● **Activity**
Below are the records; copy exactly the stretch from the line containing "cfblk15/1 -> cfblk63/2" through the line containing "cfblk123/1 -> cfblk83/1", both ends included, and nothing else.

● **Given records**

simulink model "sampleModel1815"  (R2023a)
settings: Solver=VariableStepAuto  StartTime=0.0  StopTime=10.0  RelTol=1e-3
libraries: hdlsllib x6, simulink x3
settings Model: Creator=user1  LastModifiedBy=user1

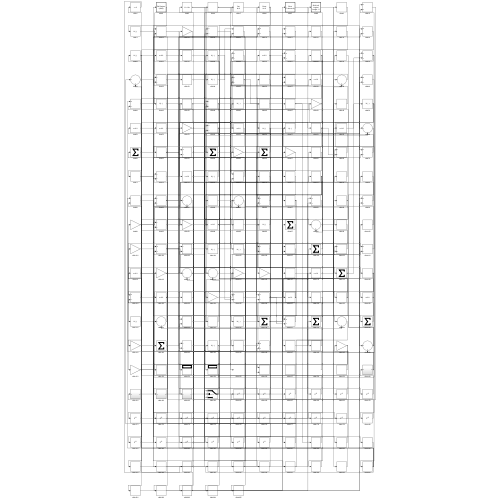
[thumbnail: Simulink's stored preview of the top-level diagram]
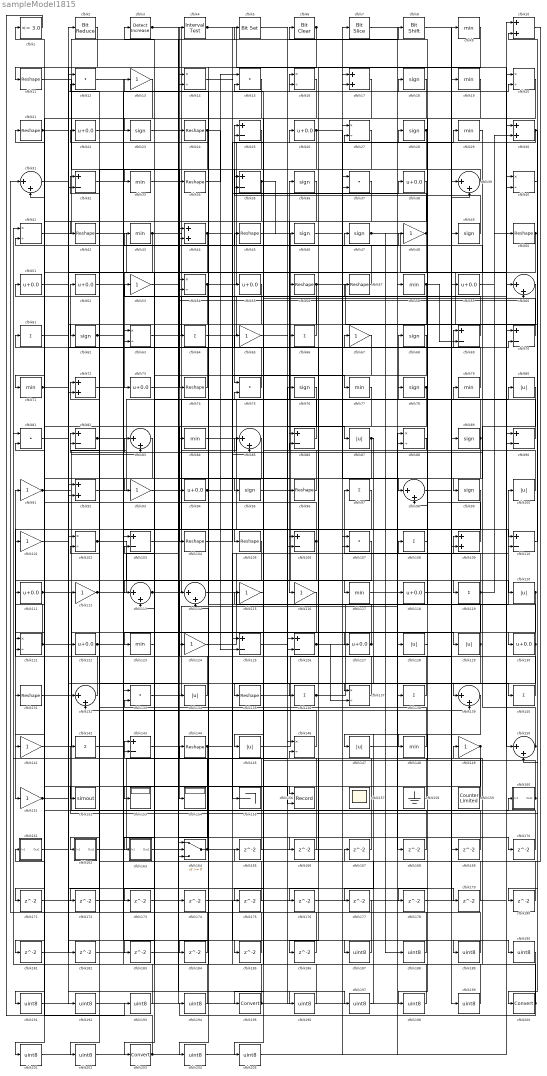
== system sampleModel1815 ==
  cfblk1 : hdlsllib/Logic and Bit Operations/Compare To Constant  relop=<=  const=3.0  OutDataTypeStr=boolean
  cfblk{10,17,30,44,72,92,109} (7 alike) : Sum
  cfblk{80,87,100,120,128..129,134,145,147} (9 alike) : Abs  SaturateOnIntegerOverflow=off
  cfblk{13,48,53,65,67,91,93,101,112,115..116,124,141,149,151} (15 alike) : Gain
  cfblk{14,16,20,27,40..41,54,63,88,102,121,137,146} (13 alike) : Product  Inputs=*/  RndMeth=Zero  SaturateOnIntegerOverflow=on
  cfblk{25,32,35,69..70,82,86,90,103,106,110,125..126,143} (14 alike) : Sum  Inputs=+-
  cfblk{11,21,24,34,42,45,50,56..57,74,96,104..105,131,135,144} (16 alike) : Reshape
  cfblk{12,15,37,75,81,107,133} (7 alike) : DotProduct  OutDataTypeStr=Inherit: Inherit via internal rule
  cfblk{61,64,66,97,108,119,136,138,140,142} (10 alike) : Sum  Inputs=+
  cfblk{22,26,38,51..52,55,59,73,94,111,118,122,127,130} (14 alike) : Bias  Bias=0.0  SaturateOnIntegerOverflow=off
  cfblk{31,39,60,83,85,98,113..114,132,139,150} (11 alike) : Sum  Inputs=|++
  cfblk{9,19,29,33,43,58,71,77,79,84,117,123,148} (13 alike) : MinMax
  cfblk152 : ToWorkspace  VariableName=simout  SaveFormat=Timeseries  SampleTime=-1
  cfblk153 : Display
  cfblk154 : Display
  cfblk155 : Terminator
  cfblk156 : Record  FileSettingsInternal="{\"entries\":[{\"content\":{\"excelSettings\":{\"content\":{},\"type\":\"Streamout.ExcelSettings\"}},\"type\":\"Streamout.FileSettingStorage\",\"uuid\":\"\"}],\"packageUris\":[\"http:\\/\\/schema.mathworks.com\\/mf0\\/streamout_blocks\\/R2020a\"],\"version\":\"1.0\"}"  Layout=[1 1]  SignalsInternal="{\"entries\":[{\"content\":{\"signals\":[{\"content\":{\"blockPath\":[],\"dimensions\":[1],\"domain\":\"\",\"lineColor\":\"#a2142f\",\"plots\":[1],\"port\":1,\"signalID\":4282,\"signalName\":\"XY Graph:1\"},\"type\":\"RecordBlkView.Signal\",\"uuid\":\"\"},{\"content\":{\"blockPath\":[],\"dimensions\":[1],\"domain\":\"\",\"lineColor\":\"#139fff\",\"plots\":[1],\"port\":2,\"signalID\":4285,\"signalName\":\"XY Graph:2\"},\"type\":\"RecordBlkView.Signal\",\"uuid\":\"\"}]},\"type\":\"RecordBlkView.InputSignals\",\"uuid\":\"\"}],\"packageUris\":[\"http:\\/\\/schema.mathworks.com\\/mf0\\/streamout_blocks\\/R2020a\"],\"version\":\"1.0\"}"  VisualizationBindings="{\"xyplotplugin\":{\"info\":[{\"series\":[{\"bindingParametersList\":[{\"parameter\":\"X-Axis\",\"signalID\":4282,\"signalName\":\"XY Graph:1\"},{\"parameter\":\"Y-Axis\",\"signalID\":4285,\"signalName\":\"XY Graph:2\"}],\"seriesID\":14255}],\"subplotID\":1}]}}"  CompatibilityTag=XY  st=-1
  cfblk157 : Scope
      settings: Floating=on
  cfblk158 : Ground
  cfblk159 : hdlsllib/Sources/Counter Limited  uplimit=7  tsamp=-1
  cfblk160 : Subsystem
      settings: LibrarySourceBlock=|
      | hdlsllib/Ports &
      | Subsystems/Subsystem
  cfblk161 : Subsystem
      settings: LibrarySourceBlock=|
      | hdlsllib/Ports &
      | Subsystems/Subsystem
  cfblk162 : Subsystem
      settings: LibrarySourceBlock=|
      | hdlsllib/Ports &
      | Subsystems/Subsystem
  cfblk163 : Subsystem
      settings: LibrarySourceBlock=|
      | hdlsllib/Ports &
      | Subsystems/Subsystem
  cfblk164 : Switch  SaturateOnIntegerOverflow=off  InputSameDT=off
  cfblk{165..186} (22 alike) : Delay  SampleTime=1
  cfblk{18,23,28,36,46..47,49,62,68,76,78,89,95,99} (14 alike) : Signum
  cfblk{187..194,196..199,201..202,204..205} (16 alike) : DataTypeConversion  OutDataTypeStr=uint8  SaturateOnIntegerOverflow=off  RndMeth=Floor
  cfblk195 : DataTypeConversion  SaturateOnIntegerOverflow=off  RndMeth=Floor
  cfblk2 : hdlsllib/Logic and Bit Operations/Bit Reduce  mode=AND
  cfblk200 : DataTypeConversion  SaturateOnIntegerOverflow=off  RndMeth=Floor
  cfblk203 : DataTypeConversion  SaturateOnIntegerOverflow=off  RndMeth=Floor
  cfblk3 : simulink/Logic and Bit Operations/Detect Increase  vinit=0.0  OutDataTypeStr=boolean
      settings: LibrarySourceBlock=|
      | hdlsllib/Logic and Bit
      | Operations/Detect
      | Increase
  cfblk4 : hdlsllib/Logic and Bit Operations/Interval Test  IntervalClosedRight=on  uplimit=0.5  IntervalClosedLeft=on  lowlimit=-0.5  OutDataTypeStr=boolean
  cfblk5 : simulink/Logic and Bit Operations/Bit Set  iBit=0
      settings: LibrarySourceBlock=|
      | hdlsllib/Logic and Bit
      | Operations/Bit Set
  cfblk6 : simulink/Logic and Bit Operations/Bit Clear  iBit=0
      settings: LibrarySourceBlock=|
      | hdlsllib/Logic and Bit
      | Operations/Bit Clear
  cfblk7 : hdlsllib/Logic and Bit Operations/Bit Slice  lidx=7  ridx=0
  cfblk8 : hdlsllib/Logic and Bit Operations/Bit Shift  mode=Shift Left Logical  N=0
  wires:
  cfblk54/1 -> cfblk26/1, cfblk92/2, cfblk204/1
  cfblk41/1 -> cfblk8/1
  cfblk106/1 -> cfblk154/1, cfblk61/1
  cfblk3/1 -> cfblk105/1, cfblk189/1
  cfblk134/1 -> cfblk4/1
  cfblk114/1 -> cfblk100/1
  cfblk34/1 -> cfblk15/1
  cfblk59/1 -> cfblk50/1
  cfblk26/1 -> cfblk74/1, cfblk98/1
  cfblk111/1 -> cfblk160/1(In1), cfblk179/1
  cfblk38/1 -> cfblk116/1
  cfblk74/1 -> cfblk52/1
  cfblk45/1 -> cfblk120/1
  cfblk84/1 -> cfblk126/1
  cfblk43/1 -> cfblk73/1, cfblk155/1
  cfblk95/1 -> cfblk119/1
  cfblk44/1 -> cfblk63/1, cfblk136/1
  cfblk57/1 -> cfblk41/2
  cfblk150/1 -> cfblk82/1, cfblk44/2
  cfblk109/1 -> cfblk6/1
  cfblk79/1 -> cfblk24/1
  cfblk107/1 -> cfblk203/1
  cfblk4/1 -> cfblk60/1, cfblk85/2
  cfblk121/1 -> cfblk129/1, cfblk101/1
  cfblk17/1 -> cfblk106/1
  cfblk49/1 -> cfblk25/1
  cfblk92/1 -> cfblk68/1
  cfblk141/1 -> cfblk36/1
  cfblk90/1 -> cfblk53/1
  cfblk52/1 -> cfblk117/1
  cfblk18/1 -> cfblk135/1
  cfblk29/1 -> cfblk142/1
  cfblk73/1 -> cfblk95/1
  cfblk78/1 -> cfblk94/1, cfblk173/1, cfblk191/1
  cfblk27/1 -> cfblk75/1
  cfblk31/1 -> cfblk112/1
  cfblk99/1 -> cfblk151/1
  cfblk164/1 -> cfblk32/1, cfblk37/2
  cfblk42/1 -> cfblk128/1
  cfblk138/1 -> cfblk66/1
  cfblk56/1 -> cfblk54/2, cfblk150/1, cfblk106/2, cfblk205/1
  cfblk28/1 -> cfblk33/1, cfblk98/2
  cfblk118/1 -> cfblk89/1
  cfblk151/1 -> cfblk102/1, cfblk185/1
  cfblk15/1 -> cfblk63/2
  cfblk46/1 -> cfblk17/1
  cfblk80/1 -> cfblk99/1
  cfblk9/1 -> cfblk86/1
  cfblk6/1 -> cfblk32/2, cfblk64/1
  cfblk82/1 -> cfblk27/1, cfblk47/1
  cfblk120/1 -> cfblk130/1, cfblk178/1
  cfblk125/1 -> cfblk108/1
  cfblk19/1 -> cfblk23/1
  cfblk140/1 -> cfblk91/1
  cfblk88/1 -> cfblk86/2
  cfblk39/1 -> cfblk34/1
  cfblk65/1 -> cfblk87/1
  cfblk158/1 -> cfblk143/1
  cfblk113/1 -> cfblk80/1, cfblk70/2
  cfblk137/1 -> cfblk72/1
  cfblk70/1 -> cfblk15/2
  cfblk136/1 -> cfblk7/1, cfblk19/1
  cfblk68/1 -> cfblk93/1
  cfblk162/1(Out1) -> cfblk76/1
  cfblk89/1 -> cfblk79/1, cfblk141/1
  cfblk132/1 -> cfblk31/2
  cfblk30/1 -> cfblk27/2, cfblk180/1
  cfblk119/1 -> cfblk97/1, cfblk127/1, cfblk30/2
  cfblk123/1 -> cfblk83/1
  cfblk108/1 -> cfblk78/1
  cfblk48/1 -> cfblk25/2, cfblk181/1
  cfblk135/1 -> cfblk9/1
  cfblk115/1 -> cfblk195/1
  cfblk160/1(Out1) -> cfblk147/1, cfblk45/1
  cfblk127/1 -> cfblk123/1, cfblk22/1
  cfblk142/1 -> cfblk69/1
  cfblk20/1 -> cfblk148/1
  cfblk149/1 -> cfblk171/1, cfblk172/1
  cfblk61/1 -> cfblk2/1
  cfblk62/1 -> cfblk133/1, cfblk16/1
  cfblk76/1 -> cfblk104/1
  cfblk21/1 -> cfblk16/2, cfblk201/1
  cfblk126/1 -> cfblk39/1, cfblk48/1, cfblk137/2
  cfblk85/1 -> cfblk163/1(In1)
  cfblk122/1 -> cfblk82/2, cfblk139/2
  cfblk24/1 -> cfblk62/1, cfblk125/2
  cfblk13/1 -> cfblk71/1
  cfblk58/1 -> cfblk114/1, cfblk69/2
  cfblk163/1(Out1) -> cfblk5/1
  cfblk51/1 -> cfblk56/1
  cfblk133/1 -> cfblk88/2
  cfblk72/1 -> cfblk14/1
  cfblk16/1 -> cfblk72/2
  cfblk130/1 -> cfblk143/2, cfblk85/1
  cfblk161/1(Out1) -> cfblk122/1
  cfblk83/1 -> cfblk152/1
  cfblk7/1 -> cfblk58/1
  cfblk5/1 -> cfblk139/1
  cfblk77/1 -> cfblk156/1
  cfblk47/1 -> cfblk70/1, cfblk188/1
  cfblk33/1 -> cfblk96/1
  cfblk105/1 -> cfblk131/1
  cfblk23/1 -> cfblk55/1
  cfblk94/1 -> cfblk38/1, cfblk109/2
  cfblk69/1 -> cfblk3/1
  cfblk2/1 -> cfblk11/1
  cfblk102/1 -> cfblk20/2, cfblk166/1, cfblk199/1
  cfblk37/1 -> cfblk121/1
  cfblk64/1 -> cfblk10/1
  cfblk124/1 -> cfblk90/2
  cfblk91/1 -> cfblk83/2, cfblk196/1
  cfblk86/1 -> cfblk35/1
  cfblk159/1 -> cfblk133/2
  cfblk11/1 -> cfblk84/1
  cfblk50/1 -> cfblk153/1, cfblk150/2, cfblk184/1
  cfblk129/1 -> cfblk13/1, cfblk28/1, cfblk162/1(In1)
  cfblk71/1 -> cfblk67/1, cfblk134/1
  cfblk93/1 -> cfblk59/1
  cfblk148/1 -> cfblk51/1
  cfblk145/1 -> cfblk49/1
  cfblk146/1 -> cfblk132/2
  cfblk110/1 -> cfblk10/2
  cfblk112/1 -> cfblk14/2, cfblk57/1
  cfblk96/1 -> cfblk65/1
  cfblk100/1 -> cfblk75/2
  cfblk8/1 -> cfblk140/1
  cfblk75/1 -> cfblk21/1
  cfblk147/1 -> cfblk109/1
  cfblk63/1 -> cfblk30/1
  cfblk67/1 -> cfblk113/1
  cfblk143/1 -> cfblk60/2
  cfblk32/1 -> cfblk110/1
  cfblk66/1 -> cfblk35/2
  cfblk101/1 -> cfblk18/1
  cfblk87/1 -> cfblk145/1, cfblk137/1
  cfblk104/1 -> cfblk29/1
  cfblk14/1 -> cfblk77/1
  cfblk22/1 -> cfblk156/2
  cfblk144/1 -> cfblk110/2, cfblk164/3
  cfblk35/1 -> cfblk124/1, cfblk46/1
  cfblk36/1 -> cfblk42/1
  cfblk40/1 -> cfblk200/1
  cfblk10/1 -> cfblk165/1
  cfblk165/1 -> cfblk41/1
  cfblk166/1 -> cfblk1/1
  cfblk167/1 -> cfblk37/1
  cfblk117/1 -> cfblk168/1
  cfblk168/1 -> cfblk121/2
  cfblk98/1 -> cfblk169/1
  cfblk169/1 -> cfblk54/1
  cfblk53/1 -> cfblk170/1
  cfblk170/1 -> cfblk90/1
  cfblk171/1 -> cfblk126/2
  cfblk172/1 -> cfblk17/2
  cfblk173/1 -> cfblk88/1
  cfblk116/1 -> cfblk175/1
  cfblk175/1 -> cfblk102/2
  cfblk60/1 -> cfblk176/1
  cfblk176/1 -> cfblk20/1
  cfblk139/1 -> cfblk177/1
  cfblk177/1 -> cfblk31/1
  cfblk178/1 -> cfblk39/2
  cfblk179/1 -> cfblk146/2
  cfblk180/1 -> cfblk113/2
  cfblk181/1 -> cfblk132/1
  cfblk131/1 -> cfblk182/1
  cfblk182/1 -> cfblk164/1
  cfblk55/1 -> cfblk183/1
  cfblk183/1 -> cfblk44/1
  cfblk184/1 -> cfblk92/1
  cfblk185/1 -> cfblk164/2
  cfblk97/1 -> cfblk186/1
  cfblk186/1 -> cfblk43/1
  cfblk12/1 -> cfblk187/1
  cfblk187/1 -> cfblk114/2
  cfblk188/1 -> cfblk12/1
  cfblk189/1 -> cfblk12/2
  cfblk174/1 -> cfblk190/1
  cfblk191/1 -> cfblk174/1
  cfblk81/1 -> cfblk192/1
  cfblk192/1 -> cfblk146/1
  cfblk1/1 -> cfblk193/1
  cfblk193/1 -> cfblk81/1
  cfblk190/1 -> cfblk194/1
  cfblk194/1 -> cfblk81/2
  cfblk195/1 -> cfblk138/1, cfblk144/1
  cfblk196/1 -> cfblk115/1
  cfblk103/1 -> cfblk197/1
  cfblk197/1 -> cfblk167/1
  cfblk128/1 -> cfblk198/1
  cfblk198/1 -> cfblk103/1
  cfblk199/1 -> cfblk103/2
  cfblk200/1 -> cfblk111/1, cfblk125/1, cfblk149/1
  cfblk201/1 -> cfblk40/1
  cfblk25/1 -> cfblk202/1
  cfblk202/1 -> cfblk40/2
  cfblk203/1 -> cfblk161/1(In1), cfblk118/1
  cfblk204/1 -> cfblk107/1
  cfblk205/1 -> cfblk107/2

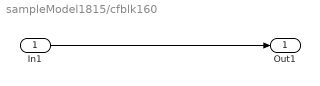
== system sampleModel1815/cfblk160 ==
  In1 : Inport
  Out1 : Outport
  wires:
  In1/1 -> Out1/1

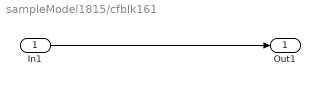
== system sampleModel1815/cfblk161 ==
  In1 : Inport
  Out1 : Outport
  wires:
  In1/1 -> Out1/1

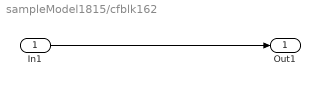
== system sampleModel1815/cfblk162 ==
  In1 : Inport
  Out1 : Outport
  wires:
  In1/1 -> Out1/1

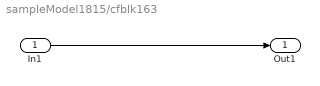
== system sampleModel1815/cfblk163 ==
  In1 : Inport
  Out1 : Outport
  wires:
  In1/1 -> Out1/1

● **Task response**
  cfblk15/1 -> cfblk63/2
  cfblk46/1 -> cfblk17/1
  cfblk80/1 -> cfblk99/1
  cfblk9/1 -> cfblk86/1
  cfblk6/1 -> cfblk32/2, cfblk64/1
  cfblk82/1 -> cfblk27/1, cfblk47/1
  cfblk120/1 -> cfblk130/1, cfblk178/1
  cfblk125/1 -> cfblk108/1
  cfblk19/1 -> cfblk23/1
  cfblk140/1 -> cfblk91/1
  cfblk88/1 -> cfblk86/2
  cfblk39/1 -> cfblk34/1
  cfblk65/1 -> cfblk87/1
  cfblk158/1 -> cfblk143/1
  cfblk113/1 -> cfblk80/1, cfblk70/2
  cfblk137/1 -> cfblk72/1
  cfblk70/1 -> cfblk15/2
  cfblk136/1 -> cfblk7/1, cfblk19/1
  cfblk68/1 -> cfblk93/1
  cfblk162/1(Out1) -> cfblk76/1
  cfblk89/1 -> cfblk79/1, cfblk141/1
  cfblk132/1 -> cfblk31/2
  cfblk30/1 -> cfblk27/2, cfblk180/1
  cfblk119/1 -> cfblk97/1, cfblk127/1, cfblk30/2
  cfblk123/1 -> cfblk83/1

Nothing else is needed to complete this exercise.